Overall, I think your firewall could use a fairly significant overhaul for security.  It looks like it was written without a default-deny policy in mind.

 *Jonathan_Casey wrote:*   

> there should also be some other rules in there allowing the outside to VNC into a few of our machines etc.

 I do not see a rule that is obviously for that purpose, which is good.  VNC is not a secure protocol, so allowing it to run directly over the Internet is a bad idea.

 *Jonathan_Casey wrote:*   

> Ok, i thought of trying a different realm to Europe and the others work to the point where I can atleast connect to the chat. I see another person on there and it says there are 100,000 people online but if i try to connect to a game or host one my self it says it failed to connect.

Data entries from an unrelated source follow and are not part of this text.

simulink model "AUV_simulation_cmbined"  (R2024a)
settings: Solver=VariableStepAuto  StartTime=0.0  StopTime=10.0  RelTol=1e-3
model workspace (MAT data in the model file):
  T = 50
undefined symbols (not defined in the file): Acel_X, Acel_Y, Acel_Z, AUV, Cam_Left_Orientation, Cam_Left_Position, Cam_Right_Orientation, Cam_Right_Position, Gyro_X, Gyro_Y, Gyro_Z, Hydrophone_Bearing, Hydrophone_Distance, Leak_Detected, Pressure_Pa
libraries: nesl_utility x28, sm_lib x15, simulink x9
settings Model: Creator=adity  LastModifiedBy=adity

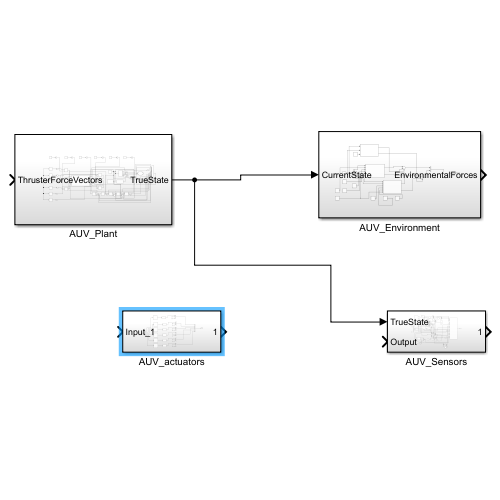
[thumbnail: Simulink's stored preview of the top-level diagram]
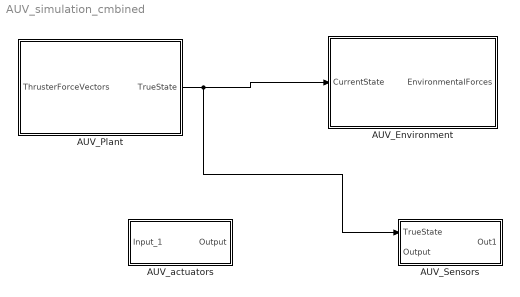
== system AUV_simulation_cmbined ==
  AUV_Environment : Subsystem
  AUV_Plant : Subsystem
  AUV_Sensors : Subsystem
  AUV_actuators : Subsystem
  wires:
  AUV_Plant/1(TrueState) -> AUV_Sensors/1(TrueState), AUV_Environment/1(CurrentState)

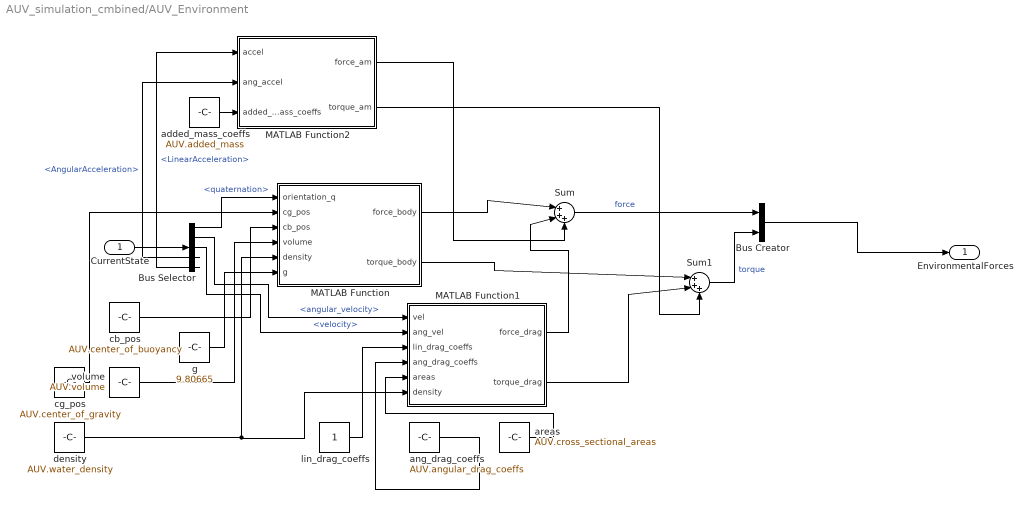
== system AUV_simulation_cmbined/AUV_Environment ==
  CurrentState : Inport
  Bus Creator : BusCreator  Inputs=2
  Bus Selector : BusSelector  OutputSignals=quaternation,angular_velocity,velocity,AngularAcceleration,LinearAcceleration
  MATLAB Function : MATLAB Function  TreatAsAtomicUnit=on
  MATLAB Function1 : MATLAB Function  TreatAsAtomicUnit=on
  MATLAB Function2 : MATLAB Function  TreatAsAtomicUnit=on
  Sum : Sum  Inputs=|+++
  Sum1 : Sum  Inputs=|+++
  added_mass_coeffs : Constant  Value=AUV.added_mass
  ang_drag_coeffs : Constant  Value=AUV.angular_drag_coeffs
  areas : Constant  Value=AUV.cross_sectional_areas
  cb_pos : Constant  Value=AUV.center_of_buoyancy
  cg_pos : Constant  Value=AUV.center_of_gravity
  density : Constant  Value=AUV.water_density
  g : Constant  Value=9.80665
  lin_drag_coeffs : Constant
  volume : Constant  Value=AUV.volume
  EnvironmentalForces : Outport
  wires:
  CurrentState/1 -> Bus Selector/1
  Bus Selector/1 -> MATLAB Function/1(orientation_q)  "<quaternation>"
  cg_pos/1 -> MATLAB Function/2(cg_pos)
  cb_pos/1 -> MATLAB Function/3(cb_pos)
  volume/1 -> MATLAB Function/4(volume)
  density/1 -> MATLAB Function/5(density), MATLAB Function1/6(density)
  g/1 -> MATLAB Function/6(g)
  Bus Selector/2 -> MATLAB Function1/1(vel)  "<angular_velocity>"
  Bus Selector/3 -> MATLAB Function1/2(ang_vel)  "<velocity>"
  areas/1 -> MATLAB Function1/5(areas)
  ang_drag_coeffs/1 -> MATLAB Function1/4(ang_drag_coeffs)
  lin_drag_coeffs/1 -> MATLAB Function1/3(lin_drag_coeffs)
  MATLAB Function/1(force_body) -> Sum/1
  MATLAB Function1/1(force_drag) -> Sum/2
  MATLAB Function/2(torque_body) -> Sum1/1
  MATLAB Function1/2(torque_drag) -> Sum1/2
  Sum/1 -> Bus Creator/1  "force"
  Sum1/1 -> Bus Creator/2  "torque"
  Bus Creator/1 -> EnvironmentalForces/1
  Bus Selector/4 -> MATLAB Function2/2(ang_accel)  "<AngularAcceleration>"
  Bus Selector/5 -> MATLAB Function2/1(accel)  "<LinearAcceleration>"
  added_mass_coeffs/1 -> MATLAB Function2/3(added_mass_coeffs)
  MATLAB Function2/2(torque_am) -> Sum1/3
  MATLAB Function2/1(force_am) -> Sum/3

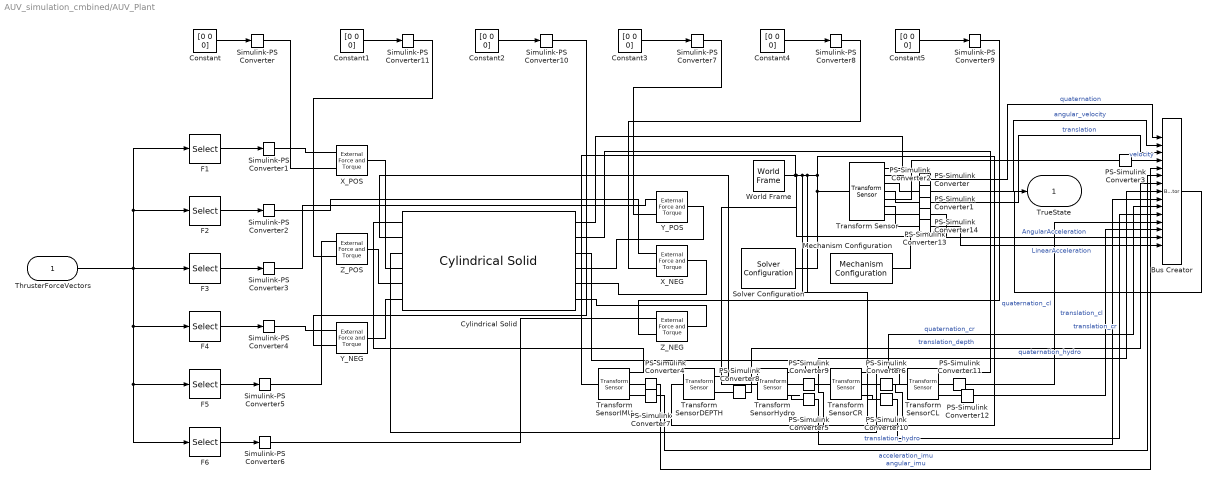
== system AUV_simulation_cmbined/AUV_Plant ==
  ThrusterForceVectors : Inport  PortDimensions=[6 3]
  Bus Creator : BusCreator  Inputs=15
  Constant{,1..5} (6 alike) : Constant  Value=[0 0 0]
  Cylindrical Solid : sm_lib/Body Elements/Cylindrical Solid  CylinderRadius=1  CylinderRadiusUnits=m  CylinderLength=1  CylinderLengthUnits=m  ExportEntireGeometry=off  InertiaType=Custom  BasedOnType=Density  Density=1000  DensityUnits=kg/m^3  Mass=AUV.mass  MassUnits=kg  CenterOfMass=AUV.center_of_gravity  CenterOfMassUnits=m  MomentsOfInertia=[AUV.inertia(1,1), AUV.inertia(2,2), AUV.inertia(3,3)]  MomentsOfInertiaUnits=kg*m^2  ProductsOfInertia=[AUV.inertia(2,3), AUV.inertia(1,3), AUV.inertia(1,2)]  ProductsOfInertiaUnits=kg*m^2  GraphicType=FromGeometry  MarkerShape=Sphere  MarkerSize=10  GraphicVisPropType=SimpleVisualProperties  GraphicDiffuseColor=[0.5 0.5 0.5]  GraphicOpacity=1  GraphicSpecularColor=[0.5 0.5 0.5 1.0]  GraphicAmbientColor=[0.15 0.15 0.15 1.0]  GraphicEmissiveColor=[0.0 0.0 0.0 1.0]  GraphicShininess=75  DoExposeReferenceFrame=on  SerializedFrames=<Frames><Frame><Id>Frame1</Id><Value><Name>IMU_Frame</Name><Origin><Source>ReferenceFrame</Source><FeatureName></FeatureName></Origin><PrimaryAxis><DefinedDirection>+Z</DefinedDirection><Source>ReferenceFrame</Source><SourceDirection>+Z</SourceDirection><FeatureName></FeatureName></PrimaryAxis><SecondaryAxis><DefinedDirection>+X</DefinedDirection><Source>ReferenceFrame</Source><SourceDirection>+X</SourceDirection><FeatureName></FeatureName></SecondaryAxis></Value></Frame><Frame><Id>Frame2</Id><Value><Name>DepthSensor_Frame</Name><Origin><Source>ReferenceFrame</Source><FeatureName></FeatureName></Origin><PrimaryAxis><DefinedDirection>+Z</DefinedDirection><Source>ReferenceFrame</Source><SourceDirection>+Z</SourceDirection><FeatureName></FeatureName></PrimaryAxis><SecondaryAxis><DefinedDirection>+X</DefinedDirection><Source>ReferenceFrame</Source><SourceDirection>+X</SourceDirection><FeatureName></FeatureName></SecondaryAxis></Value></Frame><Frame><Id>Frame3</Id><Value><Name>Camera_Left_Frame</Name><Origin><Source>ReferenceFrame</Source><FeatureName></FeatureName></Origin><PrimaryAxis><DefinedDirection>+Z</DefinedDirection><Source>ReferenceFrame</Source><SourceDirection>+Z</SourceDirection><FeatureName></FeatureName></PrimaryAxis><SecondaryAxis><DefinedDirection>+X</DefinedDirection><Source>ReferenceFrame</Source><SourceDirection>+X</SourceDirection><FeatureName></FeatureName></SecondaryAxis></Value></Frame><Frame><Id>Frame4</Id><Value><Name>Camera_Right_Frame</Name><Origin><Source>ReferenceFrame</Source><FeatureName></FeatureName></Origin><PrimaryAxis><DefinedDirection>+Z</DefinedDirection><Source>ReferenceFrame</Source><SourceDirection>+Z</SourceDirection><FeatureName></FeatureName></PrimaryAxis><SecondaryAxis><DefinedDirection>+X</DefinedDirection><Source>ReferenceFrame</Source><SourceDirection>+X</SourceDirection><FeatureName></FeatureName></SecondaryAxis></Value></Frame><Frame><Id>Frame5</Id><Value><Name>Hydrophone_Frame</Name><Origin><Source>ReferenceFrame</Source><FeatureName></FeatureName></Origin><PrimaryAxis><DefinedDirection>+Z</DefinedDirection><Source>ReferenceFrame</Source><SourceDirection>+Z</SourceDirection><FeatureName></FeatureName></PrimaryAxis><SecondaryAxis><DefinedDirection>+X</DefinedDirection><Source>ReferenceFrame</Source><SourceDirection>+X</SourceDirection><FeatureName></FeatureName></SecondaryAxis></Value></Frame><Frame><Id>Frame6</Id><Value><Name>Thruster_X_Pos</Name><Origin><Source>ReferenceFrame</Source><FeatureName></FeatureName></Origin><PrimaryAxis><DefinedDirection>+Z</DefinedDirection><Source>ReferenceFrame</Source><SourceDirection>+Z</SourceDirection><FeatureName></FeatureName></PrimaryAxis><SecondaryAxis><DefinedDirection>+X</DefinedDirection><Source>ReferenceFrame</Source><SourceDirection>+X</SourceDirection><FeatureName></FeatureName></SecondaryAxis></Value></Frame><Frame><Id>Frame7</Id><Value><Name>Thruster_Y_Pos</Name><Origin><Source>ReferenceFrame</Source><FeatureName></FeatureName></Origin><PrimaryAxis><DefinedDirection>+Z</DefinedDirection><Source>ReferenceFrame</Source><SourceDirection>+Z</SourceDirection><FeatureName></FeatureName></PrimaryAxis><SecondaryAxis><DefinedDirection>+X</DefinedDirection><Source>ReferenceFrame</Source><SourceDirection>+X</SourceDirection><FeatureName></FeatureName></SecondaryAxis></Value></Frame><Frame><Id>Frame8</Id><Value><Name>Thruster_Z_Pos</Name><Origin><Source>ReferenceFrame</Source><FeatureName></FeatureName></Origin><PrimaryAxis><DefinedDirection>+Z</DefinedDirection><Source>ReferenceFrame</Source><SourceDirection>+Z</SourceDirection><FeatureName></FeatureName></PrimaryAxis><SecondaryAxis><DefinedDirection>+X</DefinedDirection><Source>ReferenceFrame</Source><SourceDirection>+X</SourceDirection><FeatureName></FeatureName></SecondaryAxis></Value></Frame><Frame><Id>Frame9</Id><Value><Name>Thruster_X_Neg</Name><Origin><Source>ReferenceFrame</Source><FeatureName></FeatureName></Origin><PrimaryAxis><DefinedDirection>+Z</DefinedDirection><Source>ReferenceFrame</Source><SourceDirection>+Z</SourceDirection><FeatureName></FeatureName></PrimaryAxis><SecondaryAxis><DefinedDirection>+X</DefinedDirection><Source>ReferenceFrame</Source><SourceDirection>+X</SourceDirection><FeatureName></FeatureName></SecondaryAxis></Value></Frame><Frame><Id>Frame10</Id><Value><Name>Thruster_Y_Neg</Name><Origin><Source>ReferenceFrame</Source><FeatureName></FeatureName></Origin><PrimaryAxis><DefinedDirection>+Z</DefinedDirection><Source>ReferenceFrame</Source><SourceDirection>+Z</SourceDirection><FeatureName></FeatureName></PrimaryAxis><SecondaryAxis><DefinedDirection>+X</DefinedDirection><Source>ReferenceFrame</Source><SourceDirection>+X</SourceDirection><FeatureName></FeatureName></SecondaryAxis></Value></Frame><Frame><Id>Frame11</Id><Value><Name>Thruster_Z_Neg</Name><Origin><Source>ReferenceFrame</Source><FeatureName></FeatureName></Origin><PrimaryAxis><DefinedDirection>+Z</DefinedDirection><Source>ReferenceFrame</Source><SourceDirection>+Z</SourceDirection><FeatureName></FeatureName></PrimaryAxis><SecondaryAxis><DefinedDirection>+X</DefinedDirection><Source>ReferenceFrame</Source><SourceDirection>+X</SourceDirection><FeatureName></FeatureName></SecondaryAxis></Value></Frame></Frames>
  F1 : Selector  NumberOfDimensions=2  InputPortWidth=3  IndexOptions=Index vector (dialog),Select all  Indices=1,1  OutputSizes=1,1
  F2 : Selector  NumberOfDimensions=2  InputPortWidth=3  IndexOptions=Index vector (dialog),Select all  Indices=2,1  OutputSizes=1,1
  F3 : Selector  NumberOfDimensions=2  InputPortWidth=3  IndexOptions=Index vector (dialog),Select all  Indices=3,1  OutputSizes=1,1
  F4 : Selector  NumberOfDimensions=2  InputPortWidth=3  IndexOptions=Index vector (dialog),Select all  Indices=4,1  OutputSizes=1,1
  F5 : Selector  NumberOfDimensions=2  InputPortWidth=3  IndexOptions=Index vector (dialog),Select all  Indices=5,1  OutputSizes=1,1
  F6 : Selector  NumberOfDimensions=2  InputPortWidth=3  IndexOptions=Index vector (dialog),Select all  Indices=6,1  OutputSizes=1,1
  Mechanism Configuration : sm_lib/Utilities/Mechanism Configuration  UniformGravity=Constant  GravityVector=[0 0 9.80665]  GravityVectorUnits=m/s^2  LinearizationDelta=0.001  JointModeTransitionNonlinearIterations=2
  PS-Simulink Converter{,1..14} (15 alike) : nesl_utility/PS-Simulink Converter  PhysicalDomain=network_engine_domain  SubClassName=ps_output  LeftPortType=input  RightPortType=output  PseudoPeriodic=off  Frequencies=[]  VectorFormat=inherit  Unit=inherit  AffineConversion=off
  Simulink-PS Converter{,1..11} (12 alike) : nesl_utility/Simulink-PS Converter  PhysicalDomain=network_engine_domain  SubClassName=ps_input  LeftPortType=input  RightPortType=output  PseudoPeriodic=off  Frequencies=[]  NoiseDistribution=none  NoiseParameters=[]  Unit=1  AffineConversion=off  FilteringAndDerivatives=provide  SimscapeFilterOrder=1  InputFilterTimeConstant=0.001  UdotUserProvided=0
  Solver Configuration : nesl_utility/Solver Configuration  PhysicalDomain=network_engine_domain  SubClassName=solver  LeftPortType=input  RightPortType=generic  Tones=[]  Harmonics=[]  SimulateNoise=off  Profile=off  UseLocalSampling=off  EnableSwitchedLinearOptims=on  FrequencyDomain=off  UseCCode=off  RelTol=0.001  AbsTol=0.001  MinStep=1e-09  ToWorkspace=off  RevertToSquareIcSolve=off  NumHomotopyIterations=100  PhasorMode=off  PhasorModeNumHarmonics=1  ConsistencySolver=NEWTON_XTOL_AFTER_FTOL  IndexReductionMethod=DerivativeReplacement  DoDC=off  ResidualTolerance=1e-09  ConsistencyTolSource=GLOBAL  ConsistencyAbsTol=0.001  ConsistencyRelTol=0.001  ConsistencyTolFactor=0.001  UseLocalSolver=off  LocalSolverChoice=NE_BACKWARD_EULER_ADVANCER  ResolveIndetEquations=on  FunctionEvalNumThread=1  LocalSolverSampleTime=0.001  DoFixedCost=off  MaxNonlinIter=3  MaxModeIter=2  ComputeImpulses=off  ImpulseIterations=2  LinearAlgebra=auto  LinearAlgebraNumThread=0  EquationFormulation=NE_TIME_EF  DelaysMemoryBudget=1024  AutomaticFiltering=on  FilteringTimeConstant=0.001  PartitionStorageMethod=AS_NEEDED  PartitionMemoryBudget=1024  PartitionMethod=ROBUST  MultibodyUseLocalSolver=off  MultibodyLocalSolverChoice=ODE1  MultibodyLocalSolverSampleTime=0.001
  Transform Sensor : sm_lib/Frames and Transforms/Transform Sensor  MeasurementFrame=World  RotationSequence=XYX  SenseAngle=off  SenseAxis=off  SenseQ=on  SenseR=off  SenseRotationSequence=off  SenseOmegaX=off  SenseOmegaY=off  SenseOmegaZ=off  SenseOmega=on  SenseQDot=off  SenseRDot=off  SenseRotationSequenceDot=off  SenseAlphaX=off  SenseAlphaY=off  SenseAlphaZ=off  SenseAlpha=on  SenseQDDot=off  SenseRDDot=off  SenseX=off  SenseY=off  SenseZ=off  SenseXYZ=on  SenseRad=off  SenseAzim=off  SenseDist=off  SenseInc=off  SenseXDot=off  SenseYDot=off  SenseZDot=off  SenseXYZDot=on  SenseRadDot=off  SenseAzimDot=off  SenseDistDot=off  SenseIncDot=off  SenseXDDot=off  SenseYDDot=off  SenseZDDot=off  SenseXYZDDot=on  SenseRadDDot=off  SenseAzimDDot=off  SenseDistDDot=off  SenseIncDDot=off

I tried talking in the chat but it says "no one can here you."...

 Good.  That means the chat component works fine, at least for that server.

I see nothing obviously wrong, so my next step would be to collect a tcpdump on both interfaces to confirm that you receive the incoming connection and that it is not forwarded to your client machine.  At this point, you have not specified whether the Windows Firewall is configured properly.  :Smile: 

----------

## Jonathan_Casey

My desktop has no firewall at all, I disabled the windows firewall etc.

Sorry, its not VNC we use, its a program called Remote Administrator ("Radmin") which we need to be able to control our internal machines from the internet (i.e. my brother in Sweden).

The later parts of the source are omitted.